En este sentido, importantes historiadores han
subrayado que las referencias que la arquitectura de época emiral y califal
apuntan hacia el mundo clásico van más allá de la supervivencia inercial de
determinados modelos, o de la herencia que el islam recibe de ese fascinante
mundo que fue la antigüedad tardía. En algunos casos, y la aljama de Córdoba es
el más notorio de ellos, se percibe una voluntad expresa de reafirmar el poder
mediante la alusión a modelos de prestigio de los que la autoridad vigente, de
una manera u otra, se considera heredera.
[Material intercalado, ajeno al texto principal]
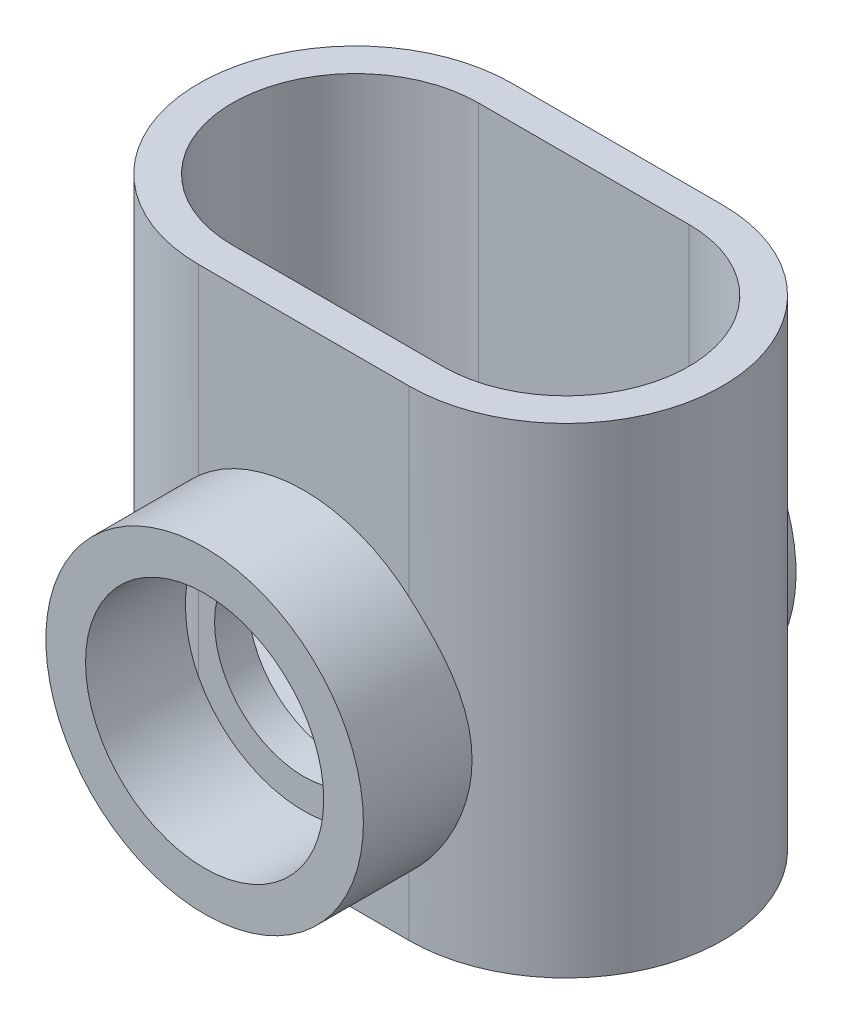
ISO-10303-21;
HEADER;
FILE_DESCRIPTION(('STEP AP214'),'2;1');
FILE_NAME('part.step','',(''),(''),'','','');
FILE_SCHEMA(('AUTOMOTIVE_DESIGN { 1 0 10303 214 1 1 1 1 }'));
ENDSEC;
DATA;
#1=APPLICATION_CONTEXT('core data for automotive mechanical design processes');
#2=APPLICATION_PROTOCOL_DEFINITION('international standard','automotive_design',2000,#1);
#3=PRODUCT_CONTEXT('',#1,'mechanical');
#4=PRODUCT('Part','Part','',(#3));
#5=PRODUCT_RELATED_PRODUCT_CATEGORY('part','',(#4));
#6=PRODUCT_DEFINITION_FORMATION('','',#4);
#7=PRODUCT_DEFINITION_CONTEXT('part definition',#1,'design');
#8=PRODUCT_DEFINITION('design','',#6,#7);
#9=PRODUCT_DEFINITION_SHAPE('','',#8);
#10=(LENGTH_UNIT() NAMED_UNIT(*) SI_UNIT(.MILLI.,.METRE.));
#11=(NAMED_UNIT(*) PLANE_ANGLE_UNIT() SI_UNIT($,.RADIAN.));
#12=(NAMED_UNIT(*) SI_UNIT($,.STERADIAN.) SOLID_ANGLE_UNIT());
#13=UNCERTAINTY_MEASURE_WITH_UNIT(LENGTH_MEASURE(1.E-05),#10,'distance_accuracy_value','');
#14=(GEOMETRIC_REPRESENTATION_CONTEXT(3) GLOBAL_UNCERTAINTY_ASSIGNED_CONTEXT((#13)) GLOBAL_UNIT_ASSIGNED_CONTEXT((#10,
#11,#12)) REPRESENTATION_CONTEXT('',''));
#15=CARTESIAN_POINT('',(0.,0.,0.));
#16=DIRECTION('',(0.,0.,1.));
#17=DIRECTION('',(1.,0.,0.));
#18=AXIS2_PLACEMENT_3D('',#15,#16,#17);
#19=CARTESIAN_POINT('',(0.,24.2,-7.9));
#20=DIRECTION('',(0.,0.,1.));
#21=DIRECTION('',(1.,0.,0.));
#22=AXIS2_PLACEMENT_3D('',#19,#20,#21);
#23=PLANE('',#22);
#24=CARTESIAN_POINT('',(5.3,9.,-7.9));
#25=DIRECTION('',(0.,0.,-1.));
#26=DIRECTION('',(-1.,0.,0.));
#27=AXIS2_PLACEMENT_3D('',#24,#25,#26);
#28=CIRCLE('',#27,8.);
#29=CARTESIAN_POINT('',(10.6,3.00750469336854,-7.9));
#30=VERTEX_POINT('',#29);
#31=CARTESIAN_POINT('',(0.,3.00750469336855,-7.9));
#32=VERTEX_POINT('',#31);
#33=EDGE_CURVE('E55',#30,#32,#28,.T.);
#34=ORIENTED_EDGE('',*,*,#33,.F.);
#35=DIRECTION('',(0.,-1.,0.));
#36=VECTOR('',#35,1.);
#37=CARTESIAN_POINT('',(10.6,24.2,-7.9));
#38=LINE('',#37,#36);
#39=CARTESIAN_POINT('',(10.6,0.,-7.9));
#40=VERTEX_POINT('',#39);
#41=EDGE_CURVE('E151',#30,#40,#38,.T.);
#42=ORIENTED_EDGE('',*,*,#41,.T.);
#43=DIRECTION('',(-1.,0.,0.));
#44=VECTOR('',#43,1.);
#45=CARTESIAN_POINT('',(0.,0.,-7.9));
#46=LINE('',#45,#44);
#47=CARTESIAN_POINT('',(0.,0.,-7.9));
#48=VERTEX_POINT('',#47);
#49=EDGE_CURVE('E304',#40,#48,#46,.T.);
#50=ORIENTED_EDGE('',*,*,#49,.T.);
#51=DIRECTION('',(0.,-1.,0.));
#52=VECTOR('',#51,1.);
#53=CARTESIAN_POINT('',(0.,24.2,-7.9));
#54=LINE('',#53,#52);
#55=EDGE_CURVE('E60',#32,#48,#54,.T.);
#56=ORIENTED_EDGE('',*,*,#55,.F.);
#57=EDGE_LOOP('',(#34,#42,#50,#56));
#58=FACE_BOUND('',#57,.T.);
#59=ADVANCED_FACE('F39',(#58),#23,.F.);
#60=CARTESIAN_POINT('',(0.,14.9924953066315,-7.9));
#61=VERTEX_POINT('',#60);
#62=CARTESIAN_POINT('',(10.6,14.9924953066315,-7.9));
#63=VERTEX_POINT('',#62);
#64=EDGE_CURVE('E145',#61,#63,#28,.T.);
#65=ORIENTED_EDGE('',*,*,#64,.F.);
#66=CARTESIAN_POINT('',(0.,24.2,-7.9));
#67=VERTEX_POINT('',#66);
#68=EDGE_CURVE('E301',#67,#61,#54,.T.);
#69=ORIENTED_EDGE('',*,*,#68,.F.);
#70=DIRECTION('',(-1.,0.,0.));
#71=VECTOR('',#70,1.);
#72=CARTESIAN_POINT('',(0.,24.2,-7.9));
#73=LINE('',#72,#71);
#74=CARTESIAN_POINT('',(10.6,24.2,-7.9));
#75=VERTEX_POINT('',#74);
#76=EDGE_CURVE('E147',#75,#67,#73,.T.);
#77=ORIENTED_EDGE('',*,*,#76,.F.);
#78=EDGE_CURVE('E140',#75,#63,#38,.T.);
#79=ORIENTED_EDGE('',*,*,#78,.T.);
#80=EDGE_LOOP('',(#65,#69,#77,#79));
#81=FACE_BOUND('',#80,.T.);
#82=ADVANCED_FACE('F142',(#81),#23,.F.);
#83=CARTESIAN_POINT('',(0.,24.2,7.9));
#84=DIRECTION('',(0.,0.,-1.));
#85=DIRECTION('',(-1.,0.,0.));
#86=AXIS2_PLACEMENT_3D('',#83,#84,#85);
#87=PLANE('',#86);
#88=DIRECTION('',(0.,-1.,0.));
#89=VECTOR('',#88,1.);
#90=CARTESIAN_POINT('',(0.,24.2,7.9));
#91=LINE('',#90,#89);
#92=CARTESIAN_POINT('',(0.,24.2,7.9));
#93=VERTEX_POINT('',#92);
#94=CARTESIAN_POINT('',(0.,14.9924953066315,7.9));
#95=VERTEX_POINT('',#94);
#96=EDGE_CURVE('E12',#93,#95,#91,.T.);
#97=ORIENTED_EDGE('',*,*,#96,.T.);
#98=CARTESIAN_POINT('',(5.3,9.,7.90000000000646));
#99=DIRECTION('',(0.,0.,-1.));
#100=DIRECTION('',(-1.,0.,0.));
#101=AXIS2_PLACEMENT_3D('',#98,#99,#100);
#102=CIRCLE('',#101,8.);
#103=CARTESIAN_POINT('',(10.6,14.9924953066315,7.90000000000646));
#104=VERTEX_POINT('',#103);
#105=EDGE_CURVE('E224',#104,#95,#102,.F.);
#106=ORIENTED_EDGE('',*,*,#105,.F.);
#107=DIRECTION('',(0.,-1.,0.));
#108=VECTOR('',#107,1.);
#109=CARTESIAN_POINT('',(10.6,24.2,7.9));
#110=LINE('',#109,#108);
#111=CARTESIAN_POINT('',(10.6,24.2,7.9));
#112=VERTEX_POINT('',#111);
#113=EDGE_CURVE('E306',#112,#104,#110,.T.);
#114=ORIENTED_EDGE('',*,*,#113,.F.);
#115=DIRECTION('',(1.,0.,0.));
#116=VECTOR('',#115,1.);
#117=CARTESIAN_POINT('',(0.,24.2,7.9));
#118=LINE('',#117,#116);
#119=EDGE_CURVE('E225',#93,#112,#118,.T.);
#120=ORIENTED_EDGE('',*,*,#119,.F.);
#121=EDGE_LOOP('',(#97,#106,#114,#120));
#122=FACE_BOUND('',#121,.T.);
#123=ADVANCED_FACE('F197',(#122),#87,.F.);
#124=CARTESIAN_POINT('',(0.,24.2,0.));
#125=DIRECTION('',(0.,-1.,0.));
#126=DIRECTION('',(0.,0.,-1.));
#127=AXIS2_PLACEMENT_3D('',#124,#125,#126);
#128=CYLINDRICAL_SURFACE('',#127,7.9);
#129=CARTESIAN_POINT('',(0.,3.00750469336854,7.9));
#130=VERTEX_POINT('',#129);
#131=CARTESIAN_POINT('',(0.,0.,7.9));
#132=VERTEX_POINT('',#131);
#133=EDGE_CURVE('E48',#130,#132,#91,.T.);
#134=ORIENTED_EDGE('',*,*,#133,.F.);
#135=CARTESIAN_POINT('',(0.,14.9924953066315,7.9));
#136=CARTESIAN_POINT('',(-0.165659654042323,14.8460206283481,7.89999934958821));
#137=CARTESIAN_POINT('',(-0.325125716478624,14.6927039418768,7.89479037197899));
#138=CARTESIAN_POINT('',(-0.630504441524312,14.3737955911347,7.87628349925471));
#139=CARTESIAN_POINT('',(-0.776428295026014,14.2082142692084,7.86299235286839));
#140=CARTESIAN_POINT('',(-1.05369916417834,13.8661061195597,7.83065711055396));
#141=CARTESIAN_POINT('',(-1.18506043031419,13.6895902605375,7.81161870787881));
#142=CARTESIAN_POINT('',(-1.43266342855662,13.326604945252,7.77002182860017));
#143=CARTESIAN_POINT('',(-1.54890200233335,13.1401334212094,7.74746261884344));
#144=CARTESIAN_POINT('',(-1.76535237537247,12.7588238090764,7.70102332508906));
#145=CARTESIAN_POINT('',(-1.86559896624349,12.5640050863881,7.67714626492542));
#146=CARTESIAN_POINT('',(-2.04980814620565,12.1667420014171,7.63002810366607));
#147=CARTESIAN_POINT('',(-2.13377095767161,11.9642977433155,7.60678699388942));
#148=CARTESIAN_POINT('',(-2.2848637203706,11.5530034457817,7.56277686205978));
#149=CARTESIAN_POINT('',(-2.35199730782574,11.3441548010832,7.54200730649843));
#150=CARTESIAN_POINT('',(-2.46895935597311,10.9212989348312,7.50453305494014));
#151=CARTESIAN_POINT('',(-2.51878765816819,10.7072916660496,7.48782839617354));
#152=CARTESIAN_POINT('',(-2.60164662354409,10.2706221716192,7.45945075989015));
#153=CARTESIAN_POINT('',(-2.63426802769808,10.0478738839944,7.44790130089661));
#154=CARTESIAN_POINT('',(-2.68062892361512,9.60017193729785,7.43134163705504));
#155=CARTESIAN_POINT('',(-2.69436829056254,9.37521826365782,7.42633147543363));
#156=CARTESIAN_POINT('',(-2.70281529175459,8.92497740375368,7.42326142735091));
#157=CARTESIAN_POINT('',(-2.69752899363168,8.69969034671917,7.42519932502571));
#158=CARTESIAN_POINT('',(-2.66799541178477,8.25053326748999,7.43586214006958));
#159=CARTESIAN_POINT('',(-2.64374875180376,8.0266631989246,7.44458683417194));
#160=CARTESIAN_POINT('',(-2.57843553069375,7.59454677883346,7.46744846645516));
#161=CARTESIAN_POINT('',(-2.53838725389512,7.3861277165097,7.48125484962938));
#162=CARTESIAN_POINT('',(-2.44196525949885,6.97345808200345,7.51328044972511));
#163=CARTESIAN_POINT('',(-2.38559191676759,6.76920741421895,7.53149956531713));
#164=CARTESIAN_POINT('',(-2.25685676397906,6.36584055140364,7.57107207794247));
#165=CARTESIAN_POINT('',(-2.18447473154368,6.1667312094253,7.5924294276768));
#166=CARTESIAN_POINT('',(-2.02422693440841,5.77502193449221,7.63671468134105));
#167=CARTESIAN_POINT('',(-1.93636049541726,5.58242228544709,7.65964265363947));
#168=CARTESIAN_POINT('',(-1.7409570056299,5.1955065058327,7.70646807783583));
#169=CARTESIAN_POINT('',(-1.63266660248392,5.00156941317087,7.73035793101838));
#170=CARTESIAN_POINT('',(-1.40016919144706,4.62312234081302,7.77583138310324));
#171=CARTESIAN_POINT('',(-1.27595843103882,4.43861459805509,7.79741443607322));
#172=CARTESIAN_POINT('',(-1.01273479136636,4.08079536807202,7.83594359951493));
#173=CARTESIAN_POINT('',(-0.873766114614969,3.90745281228961,7.85290304295537));
#174=CARTESIAN_POINT('',(-0.581654865537745,3.57271709921554,7.87992091926252));
#175=CARTESIAN_POINT('',(-0.428524086428894,3.41131419746685,7.88998503638584));
#176=CARTESIAN_POINT('',(-0.225048015561031,3.21401815693188,7.89691598622943));
#177=CARTESIAN_POINT('',(-0.180692272938848,3.17198573349581,7.89806066824444));
#178=CARTESIAN_POINT('',(-0.0910468224072934,3.08896451586404,7.89960238262781));
#179=CARTESIAN_POINT('',(-0.0457576352332591,3.04797516684869,7.89999982102299));
#180=CARTESIAN_POINT('',(0.,3.00750469336854,7.9));
#181=B_SPLINE_CURVE_WITH_KNOTS('',3,(#135,#136,#137,#138,#139,#140,#141,#142,#143,#144,#145,
#146,#147,#148,#149,#150,#151,#152,#153,#154,#155,#156,#157,#158,#159,#160,#161,#162,#163,#164,
#165,#166,#167,#168,#169,#170,#171,#172,#173,#174,#175,#176,#177,#178,#179,#180),.UNSPECIFIED.,
.F.,.F.,(4,2,2,2,2,2,2,2,2,2,2,2,2,2,2,2,2,2,2,2,2,2,4),(0.,0.662981875407768,1.32541091002921,
1.98718588144885,2.64909884151636,3.30955152723226,3.96999519302776,4.63029603620857,
5.2906029268507,5.96597762938779,6.64135679632178,7.31652059157958,7.99166217676743,
8.62898434784936,9.26629188550103,9.90440912344751,10.5425541560181,11.2119948281525,
11.8815935823791,12.5492405041256,13.2163363776241,13.3996777805269,13.58291953311),.UNSPECIFIED.);
#182=EDGE_CURVE('E231',#95,#130,#181,.T.);
#183=ORIENTED_EDGE('',*,*,#182,.F.);
#184=ORIENTED_EDGE('',*,*,#96,.F.);
#185=CARTESIAN_POINT('',(0.,24.2,0.));
#186=DIRECTION('',(0.,1.,0.));
#187=DIRECTION('',(0.,0.,1.));
#188=AXIS2_PLACEMENT_3D('',#185,#186,#187);
#189=CIRCLE('',#188,7.9);
#190=EDGE_CURVE('E230',#67,#93,#189,.T.);
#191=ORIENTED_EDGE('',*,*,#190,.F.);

No es casual que en las mismas fechas
que Abderramán II realiza la primera ampliación de la aljama de Córdoba, el
mismísimo Carlomagno, que es no solo Emperador, sino Emperador Romano, levante
en su capital Aquisgrán una espléndida capilla palatina (796-805) de estructura
que alude al mundo bizantino de Rávena, dovelas que se alternan en su bicromía
y ricos mosaicos de fondo dorado como los que más tarde Al-Hakem II recibirá
desde Constantinopla para su nuevo mihrab. Ambos mundos, el carolingio y el
cordobés, se están mirando en el espejo de la civilización más desarrollada y
poderosa que hasta entonces había existido: la romana. No es muy distinto de lo
Ramiro I de Asturias (842-850) hace, con medios mucho más modestos, en el
conjunto palatino del Naranco que se asoma a Oviedo: Roma y Bizancio no solo
son referentes de prestigio, sino también una manera de explicitar una herencia
de la Hispania visigoda que haría legítimo el poder del monarca.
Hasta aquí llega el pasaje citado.